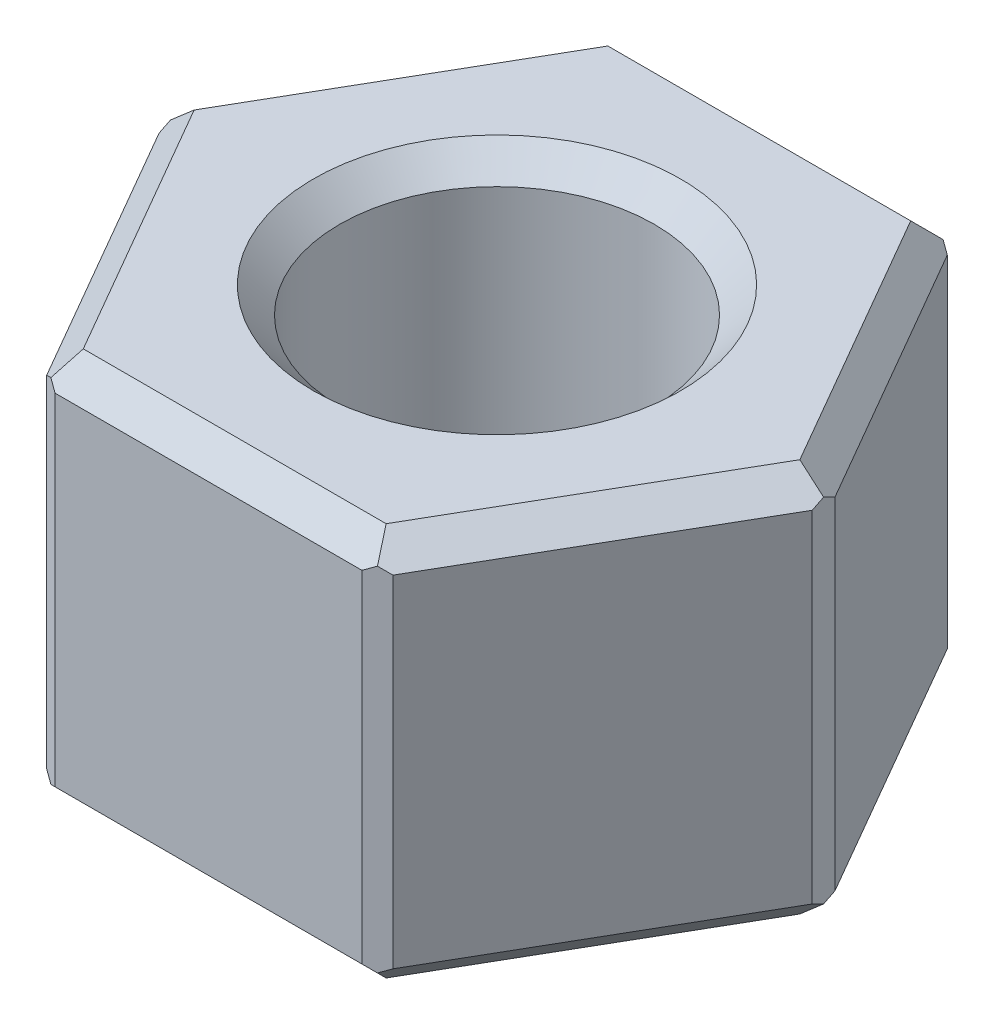
ISO-10303-21;
HEADER;
FILE_DESCRIPTION(('STEP AP214'),'2;1');
FILE_NAME('part.step','',(''),(''),'','','');
FILE_SCHEMA(('AUTOMOTIVE_DESIGN { 1 0 10303 214 1 1 1 1 }'));
ENDSEC;
DATA;
#1=APPLICATION_CONTEXT('core data for automotive mechanical design processes');
#2=APPLICATION_PROTOCOL_DEFINITION('international standard','automotive_design',2000,#1);
#3=PRODUCT_CONTEXT('',#1,'mechanical');
#4=PRODUCT('Part','Part','',(#3));
#5=PRODUCT_RELATED_PRODUCT_CATEGORY('part','',(#4));
#6=PRODUCT_DEFINITION_FORMATION('','',#4);
#7=PRODUCT_DEFINITION_CONTEXT('part definition',#1,'design');
#8=PRODUCT_DEFINITION('design','',#6,#7);
#9=PRODUCT_DEFINITION_SHAPE('','',#8);
#10=(LENGTH_UNIT() NAMED_UNIT(*) SI_UNIT(.MILLI.,.METRE.));
#11=(NAMED_UNIT(*) PLANE_ANGLE_UNIT() SI_UNIT($,.RADIAN.));
#12=(NAMED_UNIT(*) SI_UNIT($,.STERADIAN.) SOLID_ANGLE_UNIT());
#13=UNCERTAINTY_MEASURE_WITH_UNIT(LENGTH_MEASURE(1.E-05),#10,'distance_accuracy_value','');
#14=(GEOMETRIC_REPRESENTATION_CONTEXT(3) GLOBAL_UNCERTAINTY_ASSIGNED_CONTEXT((#13)) GLOBAL_UNIT_ASSIGNED_CONTEXT((#10,
#11,#12)) REPRESENTATION_CONTEXT('',''));
#15=CARTESIAN_POINT('',(0.,0.,0.));
#16=DIRECTION('',(0.,0.,1.));
#17=DIRECTION('',(1.,0.,0.));
#18=AXIS2_PLACEMENT_3D('',#15,#16,#17);
#19=CARTESIAN_POINT('',(0.,15.,0.));
#20=DIRECTION('',(0.,1.,0.));
#21=DIRECTION('',(0.,0.,1.));
#22=AXIS2_PLACEMENT_3D('',#19,#20,#21);
#23=PLANE('',#22);
#24=CARTESIAN_POINT('',(0.,15.,0.));
#25=DIRECTION('',(0.,1.,0.));
#26=DIRECTION('',(0.,0.,1.));
#27=AXIS2_PLACEMENT_3D('',#24,#25,#26);
#28=CIRCLE('',#27,7.00000000000001);
#29=CARTESIAN_POINT('',(0.,15.,7.00000000000001));
#30=VERTEX_POINT('',#29);
#31=EDGE_CURVE('E302',#30,#30,#28,.F.);
#32=ORIENTED_EDGE('',*,*,#31,.T.);
#33=EDGE_LOOP('',(#32));
#34=FACE_BOUND('',#33,.T.);
#35=DIRECTION('',(-0.5,0.,0.866025403784439));
#36=VECTOR('',#35,1.);
#37=CARTESIAN_POINT('',(-11.8356805183873,15.,0.499999999999998));
#38=LINE('',#37,#36);
#39=CARTESIAN_POINT('',(-5.77350269189626,15.,-10.));
#40=VERTEX_POINT('',#39);
#41=CARTESIAN_POINT('',(-11.5470053837925,15.,0.));
#42=VERTEX_POINT('',#41);
#43=EDGE_CURVE('E297',#40,#42,#38,.T.);
#44=ORIENTED_EDGE('',*,*,#43,.T.);
#45=DIRECTION('',(0.5,0.,0.866025403784439));
#46=VECTOR('',#45,1.);
#47=CARTESIAN_POINT('',(-5.48482755730145,15.,10.5));
#48=LINE('',#47,#46);
#49=CARTESIAN_POINT('',(-5.77350269189626,15.,10.));
#50=VERTEX_POINT('',#49);
#51=EDGE_CURVE('E299',#42,#50,#48,.T.);
#52=ORIENTED_EDGE('',*,*,#51,.T.);
#53=DIRECTION('',(1.,0.,0.));
#54=VECTOR('',#53,1.);
#55=CARTESIAN_POINT('',(6.35085296108588,15.,10.));
#56=LINE('',#55,#54);
#57=CARTESIAN_POINT('',(5.77350269189626,15.,10.));
#58=VERTEX_POINT('',#57);
#59=EDGE_CURVE('E287',#50,#58,#56,.T.);
#60=ORIENTED_EDGE('',*,*,#59,.T.);
#61=DIRECTION('',(0.5,0.,-0.866025403784439));
#62=VECTOR('',#61,1.);
#63=CARTESIAN_POINT('',(11.8356805183873,15.,-0.500000000000003));
#64=LINE('',#63,#62);
#65=CARTESIAN_POINT('',(11.5470053837925,15.,0.));
#66=VERTEX_POINT('',#65);
#67=EDGE_CURVE('E290',#58,#66,#64,.T.);
#68=ORIENTED_EDGE('',*,*,#67,.T.);
#69=DIRECTION('',(-0.5,0.,-0.866025403784439));
#70=VECTOR('',#69,1.);
#71=CARTESIAN_POINT('',(5.48482755730145,15.,-10.5));
#72=LINE('',#71,#70);
#73=CARTESIAN_POINT('',(5.77350269189626,15.,-10.));
#74=VERTEX_POINT('',#73);
#75=EDGE_CURVE('E293',#66,#74,#72,.T.);
#76=ORIENTED_EDGE('',*,*,#75,.T.);
#77=DIRECTION('',(-1.,0.,0.));
#78=VECTOR('',#77,1.);
#79=CARTESIAN_POINT('',(-6.35085296108588,15.,-10.));
#80=LINE('',#79,#78);
#81=EDGE_CURVE('E295',#74,#40,#80,.T.);
#82=ORIENTED_EDGE('',*,*,#81,.T.);
#83=EDGE_LOOP('',(#44,#52,#60,#68,#76,#82));
#84=FACE_BOUND('',#83,.T.);
#85=ADVANCED_FACE('F49',(#34,#84),#23,.T.);
#86=CARTESIAN_POINT('',(0.,0.,0.));
#87=DIRECTION('',(0.,1.,0.));
#88=DIRECTION('',(0.,0.,1.));
#89=AXIS2_PLACEMENT_3D('',#86,#87,#88);
#90=PLANE('',#89);
#91=CARTESIAN_POINT('',(0.,0.,0.));
#92=DIRECTION('',(0.,1.,0.));
#93=DIRECTION('',(0.,0.,1.));
#94=AXIS2_PLACEMENT_3D('',#91,#92,#93);
#95=CIRCLE('',#94,7.);
#96=CARTESIAN_POINT('',(0.,0.,7.));
#97=VERTEX_POINT('',#96);
#98=EDGE_CURVE('E239',#97,#97,#95,.T.);
#99=ORIENTED_EDGE('',*,*,#98,.T.);
#100=EDGE_LOOP('',(#99));
#101=FACE_BOUND('',#100,.T.);
#102=DIRECTION('',(0.5,0.,0.866025403784439));
#103=VECTOR('',#102,1.);
#104=CARTESIAN_POINT('',(8.66025403784439,0.,-5.));
#105=LINE('',#104,#103);
#106=CARTESIAN_POINT('',(5.77350269189626,0.,-10.));
#107=VERTEX_POINT('',#106);
#108=CARTESIAN_POINT('',(11.5470053837925,0.,0.));
#109=VERTEX_POINT('',#108);
#110=EDGE_CURVE('E238',#107,#109,#105,.T.);
#111=ORIENTED_EDGE('',*,*,#110,.T.);
#112=DIRECTION('',(-0.5,0.,0.866025403784439));
#113=VECTOR('',#112,1.);
#114=CARTESIAN_POINT('',(8.66025403784438,0.,5.));
#115=LINE('',#114,#113);
#116=CARTESIAN_POINT('',(5.77350269189625,0.,9.99999999999999));
#117=VERTEX_POINT('',#116);
#118=EDGE_CURVE('E217',#109,#117,#115,.T.);
#119=ORIENTED_EDGE('',*,*,#118,.T.);
#120=DIRECTION('',(-1.,0.,0.));
#121=VECTOR('',#120,1.);
#122=CARTESIAN_POINT('',(0.,0.,9.99999999999999));
#123=LINE('',#122,#121);
#124=CARTESIAN_POINT('',(-5.77350269189626,0.,9.99999999999999));
#125=VERTEX_POINT('',#124);
#126=EDGE_CURVE('E226',#117,#125,#123,.T.);
#127=ORIENTED_EDGE('',*,*,#126,.T.);
#128=DIRECTION('',(-0.5,0.,-0.866025403784439));
#129=VECTOR('',#128,1.);
#130=CARTESIAN_POINT('',(-8.66025403784439,0.,5.));
#131=LINE('',#130,#129);
#132=CARTESIAN_POINT('',(-11.5470053837925,0.,0.));
#133=VERTEX_POINT('',#132);
#134=EDGE_CURVE('E233',#125,#133,#131,.T.);
#135=ORIENTED_EDGE('',*,*,#134,.T.);
#136=DIRECTION('',(0.5,0.,-0.866025403784439));
#137=VECTOR('',#136,1.);
#138=CARTESIAN_POINT('',(-8.66025403784439,0.,-5.));
#139=LINE('',#138,#137);
#140=CARTESIAN_POINT('',(-5.77350269189626,0.,-10.));
#141=VERTEX_POINT('',#140);
#142=EDGE_CURVE('E493',#133,#141,#139,.T.);
#143=ORIENTED_EDGE('',*,*,#142,.T.);
#144=DIRECTION('',(1.,0.,0.));
#145=VECTOR('',#144,1.);
#146=CARTESIAN_POINT('',(0.,0.,-10.));
#147=LINE('',#146,#145);
#148=EDGE_CURVE('E244',#141,#107,#147,.T.);
#149=ORIENTED_EDGE('',*,*,#148,.T.);
#150=EDGE_LOOP('',(#111,#119,#127,#135,#143,#149));
#151=FACE_BOUND('',#150,.T.);
#152=ADVANCED_FACE('F236',(#101,#151),#90,.F.);
#153=CARTESIAN_POINT('',(-6.35085296108589,15.,11.));
#154=DIRECTION('',(0.,0.,-1.));
#155=DIRECTION('',(-1.,0.,0.));
#156=AXIS2_PLACEMENT_3D('',#153,#154,#155);
#157=PLANE('',#156);
#158=DIRECTION('',(1.,0.,0.));
#159=VECTOR('',#158,1.);
#160=CARTESIAN_POINT('',(-6.35085296108589,0.999999999999997,11.));
#161=LINE('',#160,#159);
#162=CARTESIAN_POINT('',(-5.85085296108589,0.999999999999997,11.));
#163=VERTEX_POINT('',#162);
#164=CARTESIAN_POINT('',(5.85085296108588,0.999999999999997,11.));
#165=VERTEX_POINT('',#164);
#166=EDGE_CURVE('E284',#163,#165,#161,.T.);
#167=ORIENTED_EDGE('',*,*,#166,.T.);
#168=DIRECTION('',(0.,1.,0.));
#169=VECTOR('',#168,1.);
#170=CARTESIAN_POINT('',(5.85085296108588,15.,11.));
#171=LINE('',#170,#169);
#172=CARTESIAN_POINT('',(5.85085296108588,14.,11.));
#173=VERTEX_POINT('',#172);
#174=EDGE_CURVE('E342',#165,#173,#171,.T.);
#175=ORIENTED_EDGE('',*,*,#174,.T.);
#176=DIRECTION('',(-1.,0.,0.));
#177=VECTOR('',#176,1.);
#178=CARTESIAN_POINT('',(-6.35085296108589,14.,11.));
#179=LINE('',#178,#177);
#180=CARTESIAN_POINT('',(-5.85085296108589,14.,11.));
#181=VERTEX_POINT('',#180);
#182=EDGE_CURVE('E281',#173,#181,#179,.T.);
#183=ORIENTED_EDGE('',*,*,#182,.T.);
#184=DIRECTION('',(0.,-1.,0.));
#185=VECTOR('',#184,1.);
#186=CARTESIAN_POINT('',(-5.85085296108589,15.,11.));
#187=LINE('',#186,#185);
#188=EDGE_CURVE('E339',#181,#163,#187,.T.);
#189=ORIENTED_EDGE('',*,*,#188,.T.);
#190=EDGE_LOOP('',(#167,#175,#183,#189));
#191=FACE_BOUND('',#190,.T.);
#192=ADVANCED_FACE('F412',(#191),#157,.F.);
#193=CARTESIAN_POINT('',(6.35085296108588,15.,11.));
#194=DIRECTION('',(-0.866025403784438,0.,-0.5));
#195=DIRECTION('',(-0.5,0.,0.866025403784439));
#196=AXIS2_PLACEMENT_3D('',#193,#194,#195);
#197=PLANE('',#196);
#198=DIRECTION('',(-0.5,0.,0.866025403784439));
#199=VECTOR('',#198,1.);
#200=CARTESIAN_POINT('',(6.35085296108588,14.,11.));
#201=LINE('',#200,#199);
#202=CARTESIAN_POINT('',(12.4517059221718,14.,0.433012701892214));
#203=VERTEX_POINT('',#202);
#204=CARTESIAN_POINT('',(6.60085296108588,14.,10.5669872981078));
#205=VERTEX_POINT('',#204);
#206=EDGE_CURVE('E253',#203,#205,#201,.T.);
#207=ORIENTED_EDGE('',*,*,#206,.T.);
#208=DIRECTION('',(0.,-1.,0.));
#209=VECTOR('',#208,1.);
#210=CARTESIAN_POINT('',(6.60085296108588,15.,10.5669872981078));
#211=LINE('',#210,#209);
#212=CARTESIAN_POINT('',(6.60085296108588,0.999999999999997,10.5669872981078));
#213=VERTEX_POINT('',#212);
#214=EDGE_CURVE('E329',#205,#213,#211,.T.);
#215=ORIENTED_EDGE('',*,*,#214,.T.);
#216=DIRECTION('',(0.5,0.,-0.866025403784439));
#217=VECTOR('',#216,1.);
#218=CARTESIAN_POINT('',(6.35085296108588,0.999999999999997,11.));
#219=LINE('',#218,#217);
#220=CARTESIAN_POINT('',(12.4517059221718,0.999999999999997,0.433012701892214));
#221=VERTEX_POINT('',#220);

* **What you should do**
The entries above hold the needed span. Transcribe exactly the lines from the one with "#108=CARTESIAN_POINT('',(11.5470053837925,0.,0.));" to the one with "#154=DIRECTION('',(0.,0.,-1.));", both included.

* **Output below**
#108=CARTESIAN_POINT('',(11.5470053837925,0.,0.));
#109=VERTEX_POINT('',#108);
#110=EDGE_CURVE('E238',#107,#109,#105,.T.);
#111=ORIENTED_EDGE('',*,*,#110,.T.);
#112=DIRECTION('',(-0.5,0.,0.866025403784439));
#113=VECTOR('',#112,1.);
#114=CARTESIAN_POINT('',(8.66025403784438,0.,5.));
#115=LINE('',#114,#113);
#116=CARTESIAN_POINT('',(5.77350269189625,0.,9.99999999999999));
#117=VERTEX_POINT('',#116);
#118=EDGE_CURVE('E217',#109,#117,#115,.T.);
#119=ORIENTED_EDGE('',*,*,#118,.T.);
#120=DIRECTION('',(-1.,0.,0.));
#121=VECTOR('',#120,1.);
#122=CARTESIAN_POINT('',(0.,0.,9.99999999999999));
#123=LINE('',#122,#121);
#124=CARTESIAN_POINT('',(-5.77350269189626,0.,9.99999999999999));
#125=VERTEX_POINT('',#124);
#126=EDGE_CURVE('E226',#117,#125,#123,.T.);
#127=ORIENTED_EDGE('',*,*,#126,.T.);
#128=DIRECTION('',(-0.5,0.,-0.866025403784439));
#129=VECTOR('',#128,1.);
#130=CARTESIAN_POINT('',(-8.66025403784439,0.,5.));
#131=LINE('',#130,#129);
#132=CARTESIAN_POINT('',(-11.5470053837925,0.,0.));
#133=VERTEX_POINT('',#132);
#134=EDGE_CURVE('E233',#125,#133,#131,.T.);
#135=ORIENTED_EDGE('',*,*,#134,.T.);
#136=DIRECTION('',(0.5,0.,-0.866025403784439));
#137=VECTOR('',#136,1.);
#138=CARTESIAN_POINT('',(-8.66025403784439,0.,-5.));
#139=LINE('',#138,#137);
#140=CARTESIAN_POINT('',(-5.77350269189626,0.,-10.));
#141=VERTEX_POINT('',#140);
#142=EDGE_CURVE('E493',#133,#141,#139,.T.);
#143=ORIENTED_EDGE('',*,*,#142,.T.);
#144=DIRECTION('',(1.,0.,0.));
#145=VECTOR('',#144,1.);
#146=CARTESIAN_POINT('',(0.,0.,-10.));
#147=LINE('',#146,#145);
#148=EDGE_CURVE('E244',#141,#107,#147,.T.);
#149=ORIENTED_EDGE('',*,*,#148,.T.);
#150=EDGE_LOOP('',(#111,#119,#127,#135,#143,#149));
#151=FACE_BOUND('',#150,.T.);
#152=ADVANCED_FACE('F236',(#101,#151),#90,.F.);
#153=CARTESIAN_POINT('',(-6.35085296108589,15.,11.));
#154=DIRECTION('',(0.,0.,-1.));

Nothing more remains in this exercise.